Thursday, June 18, 2009
More on Benchmarks for 2009
Just another post to TRY and get some discussion started on benchmarks. All I seem to get from the vendors is, "Those old things? Those are not 'real-world' benchmarks!" OK, no argument here... So, does anyone have a "real-world" benchmark? No? Fine, then we will use what we have and hope for the best since they seem to work fine on checking the rule processing performance (using almost "real-world" rules) on most engines.
Checking performance on a modeling tool, such as Corticon, Visual Rules, Rule Burst, VisiRules, any Decision Table or Decision Tree, is absolutely NOT what checking rule processing power is all about. [I'll probably catch some flak on that remark but those just my personal feelings.] If you already have the rules hard-coded using either straight-up Java or some kind of modeling tool that produces Java code (such as sequential rules or something else along those lines) then that SHOULD run faster than a real rulebase engine that is designed from the ground up to be an inferencing engine based on whatever algorithm you like.
However, I would like this year to allow a couple of things that I have not done in the past: (1) Allow a "warm-up" time of maybe three or four code passes through all of the rules using different date each time and then running the rules for 10 consecutive passes using 10 different sets of data and taking the average time for the benchmark time. In years past, rules did not run under EJB/J2EE or similar environments (we had Java for several years before we had J2EE/EJB) and we did not allow such things. However, with the increased overhead of having to have that in the core part of the engine I think that it should be allowed. (2) I'm going to drop the old version of Miss Manners 8, 16, 32, 64, 128 and 256 and substitute Miss Manners 2009 - which is the ORF example for this year. (3) The other two benchmarks from the old days are still good, Waltz-50 and WaltzDB-16. (4) However, we are introducing a new WaltzDB-200 this year just to really get some long lead times. (5) We will run these all on the following systems
a1. Mac Core2Duo, 3GB RAM, OS X Leopard, 64-bit (which is Free BSD Unix with a pretty face)
a2. Mac Dual-Quad Core, 8GB RAM, OS X White Leopard, 64-bit [maybe...]

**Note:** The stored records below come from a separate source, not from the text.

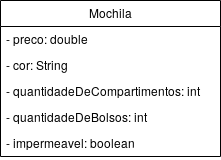

The diagram above was exported from draw.io. Its source (the exported page's mxGraphModel, read from the mxfile embedded in the PNG):
<mxGraphModel dx="1090" dy="570" grid="1" gridSize="10" guides="1" tooltips="1" connect="1" arrows="1" fold="1" page="1" pageScale="1" pageWidth="827" pageHeight="1169" math="0" shadow="0">
  <root>
    <mxCell id="0" />
    <mxCell id="1" parent="0" />
    <mxCell id="BK6sWg1Xe3n_OdPfDYW1-1" value="Mochila" style="swimlane;fontStyle=0;childLayout=stackLayout;horizontal=1;startSize=26;fillColor=none;horizontalStack=0;resizeParent=1;resizeParentMax=0;resizeLast=0;collapsible=1;marginBottom=0;" vertex="1" parent="1">
      <mxGeometry x="320" y="160" width="220" height="156" as="geometry" />
    </mxCell>
    <mxCell id="BK6sWg1Xe3n_OdPfDYW1-2" value="- preco: double" style="text;strokeColor=none;fillColor=none;align=left;verticalAlign=top;spacingLeft=4;spacingRight=4;overflow=hidden;rotatable=0;points=[[0,0.5],[1,0.5]];portConstraint=eastwest;" vertex="1" parent="BK6sWg1Xe3n_OdPfDYW1-1">
      <mxGeometry y="26" width="220" height="26" as="geometry" />
    </mxCell>
    <mxCell id="BK6sWg1Xe3n_OdPfDYW1-3" value="- cor: String" style="text;strokeColor=none;fillColor=none;align=left;verticalAlign=top;spacingLeft=4;spacingRight=4;overflow=hidden;rotatable=0;points=[[0,0.5],[1,0.5]];portConstraint=eastwest;" vertex="1" parent="BK6sWg1Xe3n_OdPfDYW1-1">
      <mxGeometry y="52" width="220" height="26" as="geometry" />
    </mxCell>
    <mxCell id="BK6sWg1Xe3n_OdPfDYW1-6" value="- quantidadeDeCompartimentos: int" style="text;strokeColor=none;fillColor=none;align=left;verticalAlign=top;spacingLeft=4;spacingRight=4;overflow=hidden;rotatable=0;points=[[0,0.5],[1,0.5]];portConstraint=eastwest;" vertex="1" parent="BK6sWg1Xe3n_OdPfDYW1-1">
      <mxGeometry y="78" width="220" height="26" as="geometry" />
    </mxCell>
    <mxCell id="BK6sWg1Xe3n_OdPfDYW1-4" value="- quantidadeDeBolsos: int" style="text;strokeColor=none;fillColor=none;align=left;verticalAlign=top;spacingLeft=4;spacingRight=4;overflow=hidden;rotatable=0;points=[[0,0.5],[1,0.5]];portConstraint=eastwest;" vertex="1" parent="BK6sWg1Xe3n_OdPfDYW1-1">
      <mxGeometry y="104" width="220" height="26" as="geometry" />
    </mxCell>
    <mxCell id="BK6sWg1Xe3n_OdPfDYW1-5" value="- impermeavel: boolean" style="text;strokeColor=none;fillColor=none;align=left;verticalAlign=top;spacingLeft=4;spacingRight=4;overflow=hidden;rotatable=0;points=[[0,0.5],[1,0.5]];portConstraint=eastwest;" vertex="1" parent="BK6sWg1Xe3n_OdPfDYW1-1">
      <mxGeometry y="130" width="220" height="26" as="geometry" />
    </mxCell>
  </root>
</mxGraphModel>

b. HP Intel, 3GB RAM, Dual Threaded, Windows XP, 32-bit
c. Dell Intel i7, 4-core, 8-threads, 6GB RAM, Windows Vitria 64-bit
I might try to work in some Linux if there seems to be any significant speed differentiation on an Intel running Linux or Windows - but experience teaches that usually the Windows version runs faster. But I will check it anyway just to be sure. (6) The systems that I am hoping to check will be (alphabetical order)
a. Blaze Advisor 6.7
b. Drools Version 5.x
c. CLIPS Version 3.0b
d. Jess 7.0-p2
e. JRules Version 6.7.3 or 7.x (depends...)
f. OPSJ Version 6.0
g. OPSJ-NT Version 1.0
Probably, I will publish the results here, along with the previous years of Performance benchmarks, as well as on the KBSC home page. The comparisons of 32-bit and 64-bit should tell us something about scalability. The comparisons of different OS should tell us something about scalability and transportability.
One more thing: If any of the other vendors can demonstrate a suitable version of the benchmarks I will include them - but NOT the same thing that I did a few years ago when I allowed a "similar" version of the benchmarks to be used by a vendor that could not code straight-up IF - THEN - ELSE rules using a NOT statement in there somewhere.
I do expect cheating on the part of the vendors. Somehow, I must find a benchmark somewhere that will not allow that so I'll probably throw in a one that has lots of NOT statements in it or something really rude like that. I know that the vendors don't really pay attention to benchmarks any more so I'm hoping that the customers of these and other vendors will stress performance benchmarks to their suppliers as another check of good engineering. Layering GUI after GUI after Model after Model is cool EXCEPT when you forget how to perform under the pressure of millions of transactions per day that need complex, real rulebase-type analysis.